FACCIA GIALLA HA FATTO IL MIRACOLO.

Stamattina, per la prima volta in vita mia, ho avuto l’occasione di assistere al miracolo di San Gennaro.

E’ stato emozionante e allo stesso tempo estremamente divertente per la presenza dell’umanità più varia.
Lungo i decumani c’erano molti spettacolini con musica e pulcinella in maschera che illustravano la vita del Santo e i turisti non sapevano più cosa fotografare per le meraviglie che gli facevano brillare gli occhi.

Cio’ premesso, con questo Santo il popolo napolitano ha sempre avuto un rapporto di confidenza tale da rivolgersi allo stesso anche con epiteti offensivi. Uno di questi è “Faccia Gialla” per il colorito che sembra avere una delle statue che lo rappresentano.
Tanto più ove si consideri che il Duomo di Napoli e’ l’unico edificio di culto al mondo la cui proprieta’ e’ in condominio tra tre soggetti giuridici distinti: la Chiesa, il Comune di Napoli e una congregazione in rappresentanza del popolo napolitano che, quando il Duomo era in costruzione, volle finanziare direttamente il progetto della cappella del tesoro di San Gennaro.

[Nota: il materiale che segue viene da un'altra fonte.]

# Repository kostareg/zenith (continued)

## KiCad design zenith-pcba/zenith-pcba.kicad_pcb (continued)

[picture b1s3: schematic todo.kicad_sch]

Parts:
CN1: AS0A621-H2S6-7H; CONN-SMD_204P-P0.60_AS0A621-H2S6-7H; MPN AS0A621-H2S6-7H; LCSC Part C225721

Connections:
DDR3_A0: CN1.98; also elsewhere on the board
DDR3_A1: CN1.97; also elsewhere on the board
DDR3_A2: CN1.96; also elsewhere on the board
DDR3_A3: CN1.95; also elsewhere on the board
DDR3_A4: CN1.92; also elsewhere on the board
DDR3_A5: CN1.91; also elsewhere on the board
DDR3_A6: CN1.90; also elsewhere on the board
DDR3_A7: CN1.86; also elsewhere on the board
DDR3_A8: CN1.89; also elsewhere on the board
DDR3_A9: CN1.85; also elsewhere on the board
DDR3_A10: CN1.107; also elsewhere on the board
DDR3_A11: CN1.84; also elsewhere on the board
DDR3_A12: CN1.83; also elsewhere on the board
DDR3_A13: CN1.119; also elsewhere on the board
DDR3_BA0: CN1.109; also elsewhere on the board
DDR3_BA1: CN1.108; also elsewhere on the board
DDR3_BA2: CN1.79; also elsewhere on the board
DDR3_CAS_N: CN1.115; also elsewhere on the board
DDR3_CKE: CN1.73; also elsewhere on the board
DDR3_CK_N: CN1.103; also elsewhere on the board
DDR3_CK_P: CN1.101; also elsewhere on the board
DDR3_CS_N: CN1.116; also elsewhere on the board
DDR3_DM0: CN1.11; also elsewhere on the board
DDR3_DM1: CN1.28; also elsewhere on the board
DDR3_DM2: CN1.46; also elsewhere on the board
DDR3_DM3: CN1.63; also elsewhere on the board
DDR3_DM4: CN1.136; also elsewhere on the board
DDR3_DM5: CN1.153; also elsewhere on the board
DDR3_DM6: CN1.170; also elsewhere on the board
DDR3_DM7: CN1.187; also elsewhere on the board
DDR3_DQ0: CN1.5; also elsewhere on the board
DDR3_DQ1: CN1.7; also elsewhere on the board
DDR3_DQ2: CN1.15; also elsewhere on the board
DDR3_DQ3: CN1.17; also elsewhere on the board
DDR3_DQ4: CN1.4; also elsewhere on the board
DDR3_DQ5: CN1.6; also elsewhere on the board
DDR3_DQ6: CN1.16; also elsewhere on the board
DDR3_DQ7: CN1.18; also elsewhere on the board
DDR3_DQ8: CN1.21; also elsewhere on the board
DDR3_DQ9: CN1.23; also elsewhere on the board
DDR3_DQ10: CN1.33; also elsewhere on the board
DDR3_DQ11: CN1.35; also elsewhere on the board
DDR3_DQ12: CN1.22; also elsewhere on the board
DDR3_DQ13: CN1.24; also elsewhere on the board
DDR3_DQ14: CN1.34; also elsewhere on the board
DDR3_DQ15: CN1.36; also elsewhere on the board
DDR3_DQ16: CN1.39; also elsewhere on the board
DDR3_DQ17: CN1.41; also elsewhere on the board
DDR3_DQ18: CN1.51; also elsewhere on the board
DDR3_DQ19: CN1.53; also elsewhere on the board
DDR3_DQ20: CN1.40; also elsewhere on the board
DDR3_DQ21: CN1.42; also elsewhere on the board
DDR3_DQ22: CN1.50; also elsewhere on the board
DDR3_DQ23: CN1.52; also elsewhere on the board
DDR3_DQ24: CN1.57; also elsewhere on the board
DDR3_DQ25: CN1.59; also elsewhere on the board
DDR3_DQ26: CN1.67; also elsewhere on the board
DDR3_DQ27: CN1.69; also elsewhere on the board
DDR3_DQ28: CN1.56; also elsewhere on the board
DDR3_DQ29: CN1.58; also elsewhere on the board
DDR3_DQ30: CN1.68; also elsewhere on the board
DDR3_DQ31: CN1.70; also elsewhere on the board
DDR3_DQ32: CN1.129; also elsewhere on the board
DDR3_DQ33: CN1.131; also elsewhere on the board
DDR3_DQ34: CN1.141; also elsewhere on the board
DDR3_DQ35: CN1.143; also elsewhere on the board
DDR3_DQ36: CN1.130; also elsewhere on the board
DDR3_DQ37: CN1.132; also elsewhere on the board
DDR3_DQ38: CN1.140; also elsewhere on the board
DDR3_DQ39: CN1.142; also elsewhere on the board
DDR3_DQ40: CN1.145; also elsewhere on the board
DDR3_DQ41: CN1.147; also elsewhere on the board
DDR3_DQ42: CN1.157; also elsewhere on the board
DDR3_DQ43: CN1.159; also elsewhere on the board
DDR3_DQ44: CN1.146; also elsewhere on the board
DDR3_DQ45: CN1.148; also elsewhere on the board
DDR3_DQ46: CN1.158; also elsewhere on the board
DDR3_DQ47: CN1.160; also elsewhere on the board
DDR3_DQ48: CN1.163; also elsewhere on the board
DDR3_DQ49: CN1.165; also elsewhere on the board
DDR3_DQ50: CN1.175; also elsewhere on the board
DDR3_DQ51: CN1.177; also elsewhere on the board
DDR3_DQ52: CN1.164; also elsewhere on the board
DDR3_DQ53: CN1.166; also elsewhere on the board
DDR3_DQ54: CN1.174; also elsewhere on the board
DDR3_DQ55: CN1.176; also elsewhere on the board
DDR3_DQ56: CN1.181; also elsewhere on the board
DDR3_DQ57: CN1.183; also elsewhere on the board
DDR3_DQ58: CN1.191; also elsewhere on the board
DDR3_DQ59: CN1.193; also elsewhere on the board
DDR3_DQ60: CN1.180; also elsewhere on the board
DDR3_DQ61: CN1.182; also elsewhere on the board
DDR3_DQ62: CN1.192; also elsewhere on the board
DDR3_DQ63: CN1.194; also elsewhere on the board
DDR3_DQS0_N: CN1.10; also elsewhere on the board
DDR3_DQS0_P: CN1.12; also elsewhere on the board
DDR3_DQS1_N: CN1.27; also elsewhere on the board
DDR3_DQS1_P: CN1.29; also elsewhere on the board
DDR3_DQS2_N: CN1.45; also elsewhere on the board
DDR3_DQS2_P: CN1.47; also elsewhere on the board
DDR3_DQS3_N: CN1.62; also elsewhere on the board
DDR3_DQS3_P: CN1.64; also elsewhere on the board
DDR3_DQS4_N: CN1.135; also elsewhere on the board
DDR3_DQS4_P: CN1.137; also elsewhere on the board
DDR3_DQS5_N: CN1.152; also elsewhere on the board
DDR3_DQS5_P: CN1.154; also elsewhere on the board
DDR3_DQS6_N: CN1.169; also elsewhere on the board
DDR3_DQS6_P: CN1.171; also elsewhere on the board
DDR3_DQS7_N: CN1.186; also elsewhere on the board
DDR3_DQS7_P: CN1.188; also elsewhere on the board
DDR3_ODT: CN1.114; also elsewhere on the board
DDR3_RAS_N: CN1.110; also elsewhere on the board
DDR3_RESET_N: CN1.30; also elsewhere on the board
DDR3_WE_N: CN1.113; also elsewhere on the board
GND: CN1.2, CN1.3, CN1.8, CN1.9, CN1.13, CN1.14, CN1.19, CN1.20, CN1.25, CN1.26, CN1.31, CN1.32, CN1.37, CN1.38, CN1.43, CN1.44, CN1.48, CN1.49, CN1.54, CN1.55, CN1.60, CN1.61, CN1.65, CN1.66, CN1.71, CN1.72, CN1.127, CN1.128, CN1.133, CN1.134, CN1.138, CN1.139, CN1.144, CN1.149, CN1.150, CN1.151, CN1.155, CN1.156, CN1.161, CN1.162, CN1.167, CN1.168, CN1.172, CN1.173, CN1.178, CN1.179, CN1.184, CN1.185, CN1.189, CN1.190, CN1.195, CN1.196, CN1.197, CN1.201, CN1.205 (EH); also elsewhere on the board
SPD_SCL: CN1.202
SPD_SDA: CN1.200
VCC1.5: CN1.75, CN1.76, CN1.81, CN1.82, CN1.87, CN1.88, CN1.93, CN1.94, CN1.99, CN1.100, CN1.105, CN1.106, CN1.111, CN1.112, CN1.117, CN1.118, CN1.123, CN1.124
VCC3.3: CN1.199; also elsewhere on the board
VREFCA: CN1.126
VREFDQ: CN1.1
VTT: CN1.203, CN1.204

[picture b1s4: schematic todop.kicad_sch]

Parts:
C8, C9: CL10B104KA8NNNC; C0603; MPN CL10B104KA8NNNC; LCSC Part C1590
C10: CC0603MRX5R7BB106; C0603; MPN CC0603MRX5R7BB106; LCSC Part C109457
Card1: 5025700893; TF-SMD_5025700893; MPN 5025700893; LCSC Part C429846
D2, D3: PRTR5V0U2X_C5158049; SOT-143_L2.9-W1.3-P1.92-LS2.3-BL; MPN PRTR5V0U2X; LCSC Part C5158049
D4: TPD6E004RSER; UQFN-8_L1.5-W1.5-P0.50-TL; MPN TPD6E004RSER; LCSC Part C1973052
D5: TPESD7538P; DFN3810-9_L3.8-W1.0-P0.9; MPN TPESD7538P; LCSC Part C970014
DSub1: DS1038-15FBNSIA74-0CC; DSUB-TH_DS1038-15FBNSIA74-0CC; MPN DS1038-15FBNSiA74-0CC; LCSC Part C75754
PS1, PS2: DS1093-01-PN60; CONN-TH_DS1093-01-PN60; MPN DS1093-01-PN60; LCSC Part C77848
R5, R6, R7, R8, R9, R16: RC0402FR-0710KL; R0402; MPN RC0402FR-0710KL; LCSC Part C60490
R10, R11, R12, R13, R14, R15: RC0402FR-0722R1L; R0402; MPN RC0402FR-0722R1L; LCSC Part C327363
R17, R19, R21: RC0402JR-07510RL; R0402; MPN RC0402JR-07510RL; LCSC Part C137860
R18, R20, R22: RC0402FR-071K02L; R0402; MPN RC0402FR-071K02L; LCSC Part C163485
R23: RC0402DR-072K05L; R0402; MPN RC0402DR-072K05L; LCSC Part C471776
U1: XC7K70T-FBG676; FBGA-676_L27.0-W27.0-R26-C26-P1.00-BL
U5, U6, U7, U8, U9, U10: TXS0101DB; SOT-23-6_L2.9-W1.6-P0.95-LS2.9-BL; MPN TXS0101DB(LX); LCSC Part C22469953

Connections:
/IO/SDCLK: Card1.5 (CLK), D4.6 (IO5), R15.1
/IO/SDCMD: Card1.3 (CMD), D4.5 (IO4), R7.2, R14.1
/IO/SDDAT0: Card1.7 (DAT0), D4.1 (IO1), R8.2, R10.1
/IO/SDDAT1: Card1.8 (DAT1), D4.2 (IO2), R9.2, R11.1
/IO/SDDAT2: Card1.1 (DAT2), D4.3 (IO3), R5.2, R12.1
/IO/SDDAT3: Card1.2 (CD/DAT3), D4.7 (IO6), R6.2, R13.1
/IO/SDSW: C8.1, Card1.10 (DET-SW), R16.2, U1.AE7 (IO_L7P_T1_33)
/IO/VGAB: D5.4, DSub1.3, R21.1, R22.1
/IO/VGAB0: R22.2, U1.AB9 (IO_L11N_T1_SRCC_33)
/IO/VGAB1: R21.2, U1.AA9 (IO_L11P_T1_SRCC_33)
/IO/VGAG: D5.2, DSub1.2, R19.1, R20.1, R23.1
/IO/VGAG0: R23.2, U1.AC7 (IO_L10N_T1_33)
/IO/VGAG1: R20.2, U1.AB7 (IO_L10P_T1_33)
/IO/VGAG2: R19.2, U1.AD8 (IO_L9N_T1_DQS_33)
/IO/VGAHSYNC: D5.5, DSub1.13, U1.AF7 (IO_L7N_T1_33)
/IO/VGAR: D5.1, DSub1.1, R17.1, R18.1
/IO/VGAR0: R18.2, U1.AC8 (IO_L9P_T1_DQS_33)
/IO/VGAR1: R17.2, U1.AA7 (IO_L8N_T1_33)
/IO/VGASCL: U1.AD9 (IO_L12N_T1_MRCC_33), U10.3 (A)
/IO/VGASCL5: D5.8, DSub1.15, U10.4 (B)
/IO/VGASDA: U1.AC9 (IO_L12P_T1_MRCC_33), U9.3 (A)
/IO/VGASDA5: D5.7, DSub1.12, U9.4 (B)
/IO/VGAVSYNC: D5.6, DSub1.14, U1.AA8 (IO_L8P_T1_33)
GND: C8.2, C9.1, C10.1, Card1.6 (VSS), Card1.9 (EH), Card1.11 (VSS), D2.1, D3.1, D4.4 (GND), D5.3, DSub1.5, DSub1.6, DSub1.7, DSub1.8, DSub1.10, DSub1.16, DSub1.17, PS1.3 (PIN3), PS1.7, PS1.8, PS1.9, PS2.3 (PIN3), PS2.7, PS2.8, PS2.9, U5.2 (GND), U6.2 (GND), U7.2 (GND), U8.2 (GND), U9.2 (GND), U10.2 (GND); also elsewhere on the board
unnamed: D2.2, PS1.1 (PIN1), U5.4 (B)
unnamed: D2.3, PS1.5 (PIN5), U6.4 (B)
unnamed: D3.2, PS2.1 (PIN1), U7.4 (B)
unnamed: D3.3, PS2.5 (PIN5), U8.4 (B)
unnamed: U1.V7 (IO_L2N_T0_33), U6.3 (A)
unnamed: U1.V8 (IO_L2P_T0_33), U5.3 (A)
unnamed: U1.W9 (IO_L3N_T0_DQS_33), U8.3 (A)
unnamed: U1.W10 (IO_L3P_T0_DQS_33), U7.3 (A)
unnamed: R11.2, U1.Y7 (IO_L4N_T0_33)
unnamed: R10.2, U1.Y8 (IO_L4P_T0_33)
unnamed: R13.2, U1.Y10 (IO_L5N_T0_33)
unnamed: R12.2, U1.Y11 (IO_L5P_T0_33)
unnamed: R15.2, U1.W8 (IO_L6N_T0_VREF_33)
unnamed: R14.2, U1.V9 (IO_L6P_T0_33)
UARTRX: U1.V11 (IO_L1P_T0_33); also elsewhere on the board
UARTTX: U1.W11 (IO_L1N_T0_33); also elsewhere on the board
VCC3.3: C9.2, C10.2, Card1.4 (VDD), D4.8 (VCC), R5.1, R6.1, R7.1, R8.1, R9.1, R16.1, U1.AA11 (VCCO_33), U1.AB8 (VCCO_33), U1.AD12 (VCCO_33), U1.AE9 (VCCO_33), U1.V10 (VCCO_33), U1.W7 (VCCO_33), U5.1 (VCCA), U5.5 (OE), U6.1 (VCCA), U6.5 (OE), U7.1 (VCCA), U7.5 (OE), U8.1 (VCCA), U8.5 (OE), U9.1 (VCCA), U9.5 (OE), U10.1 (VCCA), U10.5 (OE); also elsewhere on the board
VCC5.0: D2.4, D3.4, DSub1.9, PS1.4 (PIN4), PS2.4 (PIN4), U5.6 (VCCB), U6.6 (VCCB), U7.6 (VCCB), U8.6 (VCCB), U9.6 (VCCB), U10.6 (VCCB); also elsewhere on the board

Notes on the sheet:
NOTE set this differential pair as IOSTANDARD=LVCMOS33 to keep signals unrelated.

Per questo motivo il popolo napolitano pretende che il Patrono proceda a sciogliere velocemente il proprio sangue e spesso, quando tarda piu’ del dovuto, lo apostrofa malamente.

D’altra parte il Santo non si è quasi mai fatto attendere se non in occasione di eventi drammatici per la città: la peste del 1600 e l’unità d’italia.
Mai San Gennaro ha sciolto il suo sangue in presenza di un Savoia:
ne’ nel 1861, né nel 187O, nè nel 1931.
Forse era memore della circostanza che, nel 1799, fu accusato di aver reso possibile l’invasione francese e conseguentemente venne sostituito per sei mesi da Sant’Antonio nella qualità di patrono.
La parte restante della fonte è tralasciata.